Top of DATA UNDER STUDY
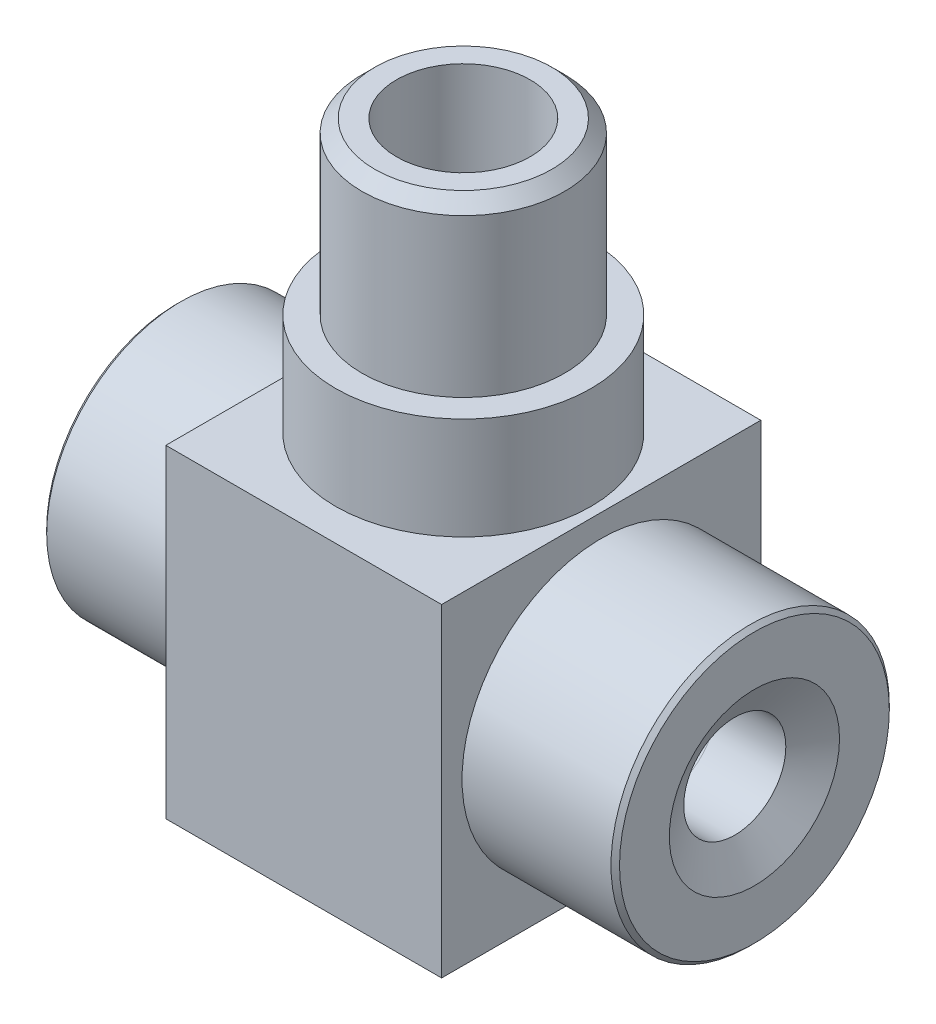
ISO-10303-21;
HEADER;
FILE_DESCRIPTION(('STEP AP214'),'2;1');
FILE_NAME('part.step','',(''),(''),'','','');
FILE_SCHEMA(('AUTOMOTIVE_DESIGN { 1 0 10303 214 1 1 1 1 }'));
ENDSEC;
DATA;
#1=APPLICATION_CONTEXT('core data for automotive mechanical design processes');
#2=APPLICATION_PROTOCOL_DEFINITION('international standard','automotive_design',2000,#1);
#3=PRODUCT_CONTEXT('',#1,'mechanical');
#4=PRODUCT('Part','Part','',(#3));
#5=PRODUCT_RELATED_PRODUCT_CATEGORY('part','',(#4));
#6=PRODUCT_DEFINITION_FORMATION('','',#4);
#7=PRODUCT_DEFINITION_CONTEXT('part definition',#1,'design');
#8=PRODUCT_DEFINITION('design','',#6,#7);
#9=PRODUCT_DEFINITION_SHAPE('','',#8);
#10=(LENGTH_UNIT() NAMED_UNIT(*) SI_UNIT(.MILLI.,.METRE.));
#11=(NAMED_UNIT(*) PLANE_ANGLE_UNIT() SI_UNIT($,.RADIAN.));
#12=(NAMED_UNIT(*) SI_UNIT($,.STERADIAN.) SOLID_ANGLE_UNIT());
#13=UNCERTAINTY_MEASURE_WITH_UNIT(LENGTH_MEASURE(1.E-05),#10,'distance_accuracy_value','');
#14=(GEOMETRIC_REPRESENTATION_CONTEXT(3) GLOBAL_UNCERTAINTY_ASSIGNED_CONTEXT((#13)) GLOBAL_UNIT_ASSIGNED_CONTEXT((#10,
#11,#12)) REPRESENTATION_CONTEXT('',''));
#15=CARTESIAN_POINT('',(0.,0.,0.));
#16=DIRECTION('',(0.,0.,1.));
#17=DIRECTION('',(1.,0.,0.));
#18=AXIS2_PLACEMENT_3D('',#15,#16,#17);
#19=CARTESIAN_POINT('',(0.,0.,37.5));
#20=DIRECTION('',(1.,0.,0.));
#21=DIRECTION('',(0.,0.,-1.));
#22=AXIS2_PLACEMENT_3D('',#19,#20,#21);
#23=PLANE('',#22);
#24=CARTESIAN_POINT('',(0.,19.,18.75));
#25=DIRECTION('',(-1.,0.,0.));
#26=DIRECTION('',(0.,0.,1.));
#27=AXIS2_PLACEMENT_3D('',#24,#25,#26);
#28=CIRCLE('',#27,15.75);
#29=CARTESIAN_POINT('',(0.,19.,34.5));
#30=VERTEX_POINT('',#29);
#31=EDGE_CURVE('E135',#30,#30,#28,.T.);
#32=ORIENTED_EDGE('',*,*,#31,.F.);
#33=EDGE_LOOP('',(#32));
#34=FACE_BOUND('',#33,.T.);
#35=DIRECTION('',(0.,-1.,0.));
#36=VECTOR('',#35,1.);
#37=CARTESIAN_POINT('',(0.,0.,0.));
#38=LINE('',#37,#36);
#39=CARTESIAN_POINT('',(0.,38.,0.));
#40=VERTEX_POINT('',#39);
#41=CARTESIAN_POINT('',(0.,0.,0.));
#42=VERTEX_POINT('',#41);
#43=EDGE_CURVE('E132',#40,#42,#38,.T.);
#44=ORIENTED_EDGE('',*,*,#43,.T.);
#45=DIRECTION('',(0.,0.,-1.));
#46=VECTOR('',#45,1.);
#47=CARTESIAN_POINT('',(0.,0.,37.5));
#48=LINE('',#47,#46);
#49=CARTESIAN_POINT('',(0.,0.,37.5));
#50=VERTEX_POINT('',#49);
#51=EDGE_CURVE('E139',#50,#42,#48,.T.);
#52=ORIENTED_EDGE('',*,*,#51,.F.);
#53=DIRECTION('',(0.,-1.,0.));
#54=VECTOR('',#53,1.);
#55=CARTESIAN_POINT('',(0.,0.,37.5));
#56=LINE('',#55,#54);
#57=CARTESIAN_POINT('',(0.,38.,37.5));
#58=VERTEX_POINT('',#57);
#59=EDGE_CURVE('E140',#58,#50,#56,.T.);
#60=ORIENTED_EDGE('',*,*,#59,.F.);
#61=DIRECTION('',(0.,0.,-1.));
#62=VECTOR('',#61,1.);
#63=CARTESIAN_POINT('',(0.,38.,37.5));
#64=LINE('',#63,#62);
#65=EDGE_CURVE('E146',#58,#40,#64,.T.);
#66=ORIENTED_EDGE('',*,*,#65,.T.);
#67=EDGE_LOOP('',(#44,#52,#60,#66));
#68=FACE_BOUND('',#67,.T.);
#69=ADVANCED_FACE('F45',(#34,#68),#23,.F.);
#70=CARTESIAN_POINT('',(0.,0.,37.5));
#71=DIRECTION('',(0.,1.,0.));
#72=DIRECTION('',(0.,0.,1.));
#73=AXIS2_PLACEMENT_3D('',#70,#71,#72);
#74=PLANE('',#73);
#75=DIRECTION('',(1.,0.,0.));
#76=VECTOR('',#75,1.);
#77=CARTESIAN_POINT('',(0.,0.,0.));
#78=LINE('',#77,#76);
#79=CARTESIAN_POINT('',(32.4,0.,0.));
#80=VERTEX_POINT('',#79);
#81=EDGE_CURVE('E149',#42,#80,#78,.T.);
#82=ORIENTED_EDGE('',*,*,#81,.T.);
#83=DIRECTION('',(0.,0.,-1.));
#84=VECTOR('',#83,1.);
#85=CARTESIAN_POINT('',(32.4,0.,37.5));
#86=LINE('',#85,#84);
#87=CARTESIAN_POINT('',(32.4,0.,37.5));
#88=VERTEX_POINT('',#87);
#89=EDGE_CURVE('E157',#88,#80,#86,.T.);
#90=ORIENTED_EDGE('',*,*,#89,.F.);
#91=DIRECTION('',(1.,0.,0.));
#92=VECTOR('',#91,1.);
#93=CARTESIAN_POINT('',(0.,0.,37.5));
#94=LINE('',#93,#92);
#95=EDGE_CURVE('E99',#50,#88,#94,.T.);
#96=ORIENTED_EDGE('',*,*,#95,.F.);
#97=ORIENTED_EDGE('',*,*,#51,.T.);
#98=EDGE_LOOP('',(#82,#90,#96,#97));
#99=FACE_BOUND('',#98,.T.);
#100=ADVANCED_FACE('F257',(#99),#74,.F.);
#101=CARTESIAN_POINT('',(32.4,0.,37.5));
#102=DIRECTION('',(-1.,0.,0.));
#103=DIRECTION('',(0.,0.,1.));
#104=AXIS2_PLACEMENT_3D('',#101,#102,#103);
#105=PLANE('',#104);
#106=CARTESIAN_POINT('',(32.4,19.,18.75));
#107=DIRECTION('',(1.,0.,0.));
#108=DIRECTION('',(0.,0.,-1.));
#109=AXIS2_PLACEMENT_3D('',#106,#107,#108);
#110=CIRCLE('',#109,16.35);
#111=CARTESIAN_POINT('',(32.4,19.,2.4));
#112=VERTEX_POINT('',#111);
#113=EDGE_CURVE('E162',#112,#112,#110,.T.);
#114=ORIENTED_EDGE('',*,*,#113,.F.);
#115=EDGE_LOOP('',(#114));
#116=FACE_BOUND('',#115,.T.);
#117=DIRECTION('',(0.,1.,0.));
#118=VECTOR('',#117,1.);
#119=CARTESIAN_POINT('',(32.4,0.,0.));
#120=LINE('',#119,#118);
#121=CARTESIAN_POINT('',(32.4,38.,0.));
#122=VERTEX_POINT('',#121);
#123=EDGE_CURVE('E151',#80,#122,#120,.T.);
#124=ORIENTED_EDGE('',*,*,#123,.T.);
#125=DIRECTION('',(0.,0.,-1.));
#126=VECTOR('',#125,1.);
#127=CARTESIAN_POINT('',(32.4,38.,37.5));
#128=LINE('',#127,#126);
#129=CARTESIAN_POINT('',(32.4,38.,37.5));
#130=VERTEX_POINT('',#129);
#131=EDGE_CURVE('E155',#130,#122,#128,.T.);
#132=ORIENTED_EDGE('',*,*,#131,.F.);
#133=DIRECTION('',(0.,1.,0.));
#134=VECTOR('',#133,1.);
#135=CARTESIAN_POINT('',(32.4,0.,37.5));
#136=LINE('',#135,#134);
#137=EDGE_CURVE('E143',#88,#130,#136,.T.);
#138=ORIENTED_EDGE('',*,*,#137,.F.);
#139=ORIENTED_EDGE('',*,*,#89,.T.);
#140=EDGE_LOOP('',(#124,#132,#138,#139));
#141=FACE_BOUND('',#140,.T.);
#142=ADVANCED_FACE('F253',(#116,#141),#105,.F.);
#143=CARTESIAN_POINT('',(0.,38.,37.5));
#144=DIRECTION('',(0.,-1.,0.));
#145=DIRECTION('',(0.,0.,-1.));
#146=AXIS2_PLACEMENT_3D('',#143,#144,#145);
#147=PLANE('',#146);
#148=CARTESIAN_POINT('',(16.2,38.,18.75));
#149=DIRECTION('',(0.,1.,0.));
#150=DIRECTION('',(0.,0.,1.));
#151=AXIS2_PLACEMENT_3D('',#148,#149,#150);
#152=CIRCLE('',#151,15.);
#153=CARTESIAN_POINT('',(16.2,38.,33.75));
#154=VERTEX_POINT('',#153);
#155=EDGE_CURVE('E175',#154,#154,#152,.T.);
#156=ORIENTED_EDGE('',*,*,#155,.F.);
#157=EDGE_LOOP('',(#156));
#158=FACE_BOUND('',#157,.T.);
#159=DIRECTION('',(-1.,0.,0.));
#160=VECTOR('',#159,1.);
#161=CARTESIAN_POINT('',(0.,38.,0.));
#162=LINE('',#161,#160);
#163=EDGE_CURVE('E91',#122,#40,#162,.T.);
#164=ORIENTED_EDGE('',*,*,#163,.T.);
#165=ORIENTED_EDGE('',*,*,#65,.F.);
#166=DIRECTION('',(-1.,0.,0.));
#167=VECTOR('',#166,1.);
#168=CARTESIAN_POINT('',(0.,38.,37.5));
#169=LINE('',#168,#167);
#170=EDGE_CURVE('E70',#130,#58,#169,.T.);
#171=ORIENTED_EDGE('',*,*,#170,.F.);
#172=ORIENTED_EDGE('',*,*,#131,.T.);
#173=EDGE_LOOP('',(#164,#165,#171,#172));
#174=FACE_BOUND('',#173,.T.);
#175=ADVANCED_FACE('F247',(#158,#174),#147,.F.);
#176=CARTESIAN_POINT('',(0.,0.,37.5));
#177=DIRECTION('',(0.,0.,-1.));
#178=DIRECTION('',(-1.,0.,0.));
#179=AXIS2_PLACEMENT_3D('',#176,#177,#178);
#180=PLANE('',#179);
#181=ORIENTED_EDGE('',*,*,#59,.T.);
#182=ORIENTED_EDGE('',*,*,#95,.T.);
#183=ORIENTED_EDGE('',*,*,#137,.T.);
#184=ORIENTED_EDGE('',*,*,#170,.T.);
#185=EDGE_LOOP('',(#181,#182,#183,#184));
#186=FACE_BOUND('',#185,.T.);
#187=ADVANCED_FACE('F244',(#186),#180,.F.);
#188=CARTESIAN_POINT('',(0.,0.,0.));
#189=DIRECTION('',(0.,0.,-1.));
#190=DIRECTION('',(-1.,0.,0.));
#191=AXIS2_PLACEMENT_3D('',#188,#189,#190);
#192=PLANE('',#191);
#193=ORIENTED_EDGE('',*,*,#43,.F.);
#194=ORIENTED_EDGE('',*,*,#163,.F.);
#195=ORIENTED_EDGE('',*,*,#123,.F.);
#196=ORIENTED_EDGE('',*,*,#81,.F.);
#197=EDGE_LOOP('',(#193,#194,#195,#196));
#198=FACE_BOUND('',#197,.T.);
#199=ADVANCED_FACE('F242',(#198),#192,.T.);
#200=CARTESIAN_POINT('',(-17.5,19.,18.75));
#201=DIRECTION('',(1.,0.,0.));
#202=DIRECTION('',(0.,0.,-1.));
#203=AXIS2_PLACEMENT_3D('',#200,#201,#202);
#204=CYLINDRICAL_SURFACE('',#203,15.75);
#205=CARTESIAN_POINT('',(-17.,19.,18.75));
#206=DIRECTION('',(-1.,0.,0.));
#207=DIRECTION('',(0.,0.,1.));
#208=AXIS2_PLACEMENT_3D('',#205,#206,#207);
#209=CIRCLE('',#208,15.75);
#210=CARTESIAN_POINT('',(-17.,19.,34.5));
#211=VERTEX_POINT('',#210);
#212=EDGE_CURVE('E298',#211,#211,#209,.F.);
#213=ORIENTED_EDGE('',*,*,#212,.T.);
#214=EDGE_LOOP('',(#213));
#215=FACE_BOUND('',#214,.T.);
#216=ORIENTED_EDGE('',*,*,#31,.T.);
#217=EDGE_LOOP('',(#216));
#218=FACE_BOUND('',#217,.T.);
#219=ADVANCED_FACE('F238',(#215,#218),#204,.T.);
#220=CARTESIAN_POINT('',(-17.5,19.,18.75));
#221=DIRECTION('',(-1.,0.,0.));
#222=DIRECTION('',(0.,0.,1.));
#223=AXIS2_PLACEMENT_3D('',#220,#221,#222);
#224=PLANE('',#223);
#225=CARTESIAN_POINT('',(-17.5,19.,18.75));
#226=DIRECTION('',(-1.,0.,0.));
#227=DIRECTION('',(0.,0.,1.));
#228=AXIS2_PLACEMENT_3D('',#225,#226,#227);
#229=CIRCLE('',#228,15.25);
#230=CARTESIAN_POINT('',(-17.5,19.,34.));
#231=VERTEX_POINT('',#230);
#232=EDGE_CURVE('E302',#231,#231,#229,.T.);
#233=ORIENTED_EDGE('',*,*,#232,.T.);
#234=EDGE_LOOP('',(#233));
#235=FACE_BOUND('',#234,.T.);
#236=CARTESIAN_POINT('',(-17.5,19.,18.75));
#237=DIRECTION('',(-1.,0.,0.));
#238=DIRECTION('',(0.,0.,1.));
#239=AXIS2_PLACEMENT_3D('',#236,#237,#238);
#240=CIRCLE('',#239,9.3);
#241=CARTESIAN_POINT('',(-17.5,19.,28.05));
#242=VERTEX_POINT('',#241);
#243=EDGE_CURVE('E126',#242,#242,#240,.T.);
#244=ORIENTED_EDGE('',*,*,#243,.F.);
#245=EDGE_LOOP('',(#244));
#246=FACE_BOUND('',#245,.T.);
#247=ADVANCED_FACE('F234',(#235,#246),#224,.T.);
#248=CARTESIAN_POINT('',(0.499999999999997,19.,18.75));
#249=DIRECTION('',(-1.,0.,0.));
#250=DIRECTION('',(0.,0.,1.));
#251=AXIS2_PLACEMENT_3D('',#248,#249,#250);
#252=CYLINDRICAL_SURFACE('',#251,9.3);
#253=CARTESIAN_POINT('',(0.499999999999997,19.,18.75));
#254=DIRECTION('',(-1.,0.,0.));
#255=DIRECTION('',(0.,0.,1.));
#256=AXIS2_PLACEMENT_3D('',#253,#254,#255);
#257=CIRCLE('',#256,9.3);
#258=CARTESIAN_POINT('',(0.499999999999997,19.,28.05));
#259=VERTEX_POINT('',#258);
#260=EDGE_CURVE('E129',#259,#259,#257,.T.);
#261=ORIENTED_EDGE('',*,*,#260,.F.);
#262=EDGE_LOOP('',(#261));
#263=FACE_BOUND('',#262,.T.);
#264=ORIENTED_EDGE('',*,*,#243,.T.);
#265=EDGE_LOOP('',(#264));
#266=FACE_BOUND('',#265,.T.);
#267=ADVANCED_FACE('F231',(#263,#266),#252,.F.);
#268=CARTESIAN_POINT('',(0.499999999999997,19.,18.75));
#269=DIRECTION('',(-1.,0.,0.));
#270=DIRECTION('',(0.,0.,1.));
#271=AXIS2_PLACEMENT_3D('',#268,#269,#270);
#272=PLANE('',#271);
#273=CARTESIAN_POINT('',(0.499999999999997,15.,18.75));
#274=DIRECTION('',(-1.,0.,0.));
#275=DIRECTION('',(0.,0.,1.));
#276=AXIS2_PLACEMENT_3D('',#273,#274,#275);
#277=CIRCLE('',#276,2.);
#278=CARTESIAN_POINT('',(0.499999999999997,15.5,16.8135083268963));
#279=VERTEX_POINT('',#278);
#280=CARTESIAN_POINT('',(0.499999999999997,15.5,20.6864916731037));
#281=VERTEX_POINT('',#280);
#282=EDGE_CURVE('E107',#279,#281,#277,.T.);
#283=ORIENTED_EDGE('',*,*,#282,.F.);
#284=CARTESIAN_POINT('',(0.499999999999997,19.,18.75));
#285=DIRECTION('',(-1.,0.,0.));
Bottom of DATA UNDER STUDY
WHAT IS BEING ASKED:
Among the entries above, copy exactly only the lines starting with the one containing "#183=ORIENTED_EDGE('',*,*,#137,.T.);" and going through the one containing "#192=PLANE('',#191);", both ends included.

WRITTEN RESPONSE:
#183=ORIENTED_EDGE('',*,*,#137,.T.);
#184=ORIENTED_EDGE('',*,*,#170,.T.);
#185=EDGE_LOOP('',(#181,#182,#183,#184));
#186=FACE_BOUND('',#185,.T.);
#187=ADVANCED_FACE('F244',(#186),#180,.F.);
#188=CARTESIAN_POINT('',(0.,0.,0.));
#189=DIRECTION('',(0.,0.,-1.));
#190=DIRECTION('',(-1.,0.,0.));
#191=AXIS2_PLACEMENT_3D('',#188,#189,#190);
#192=PLANE('',#191);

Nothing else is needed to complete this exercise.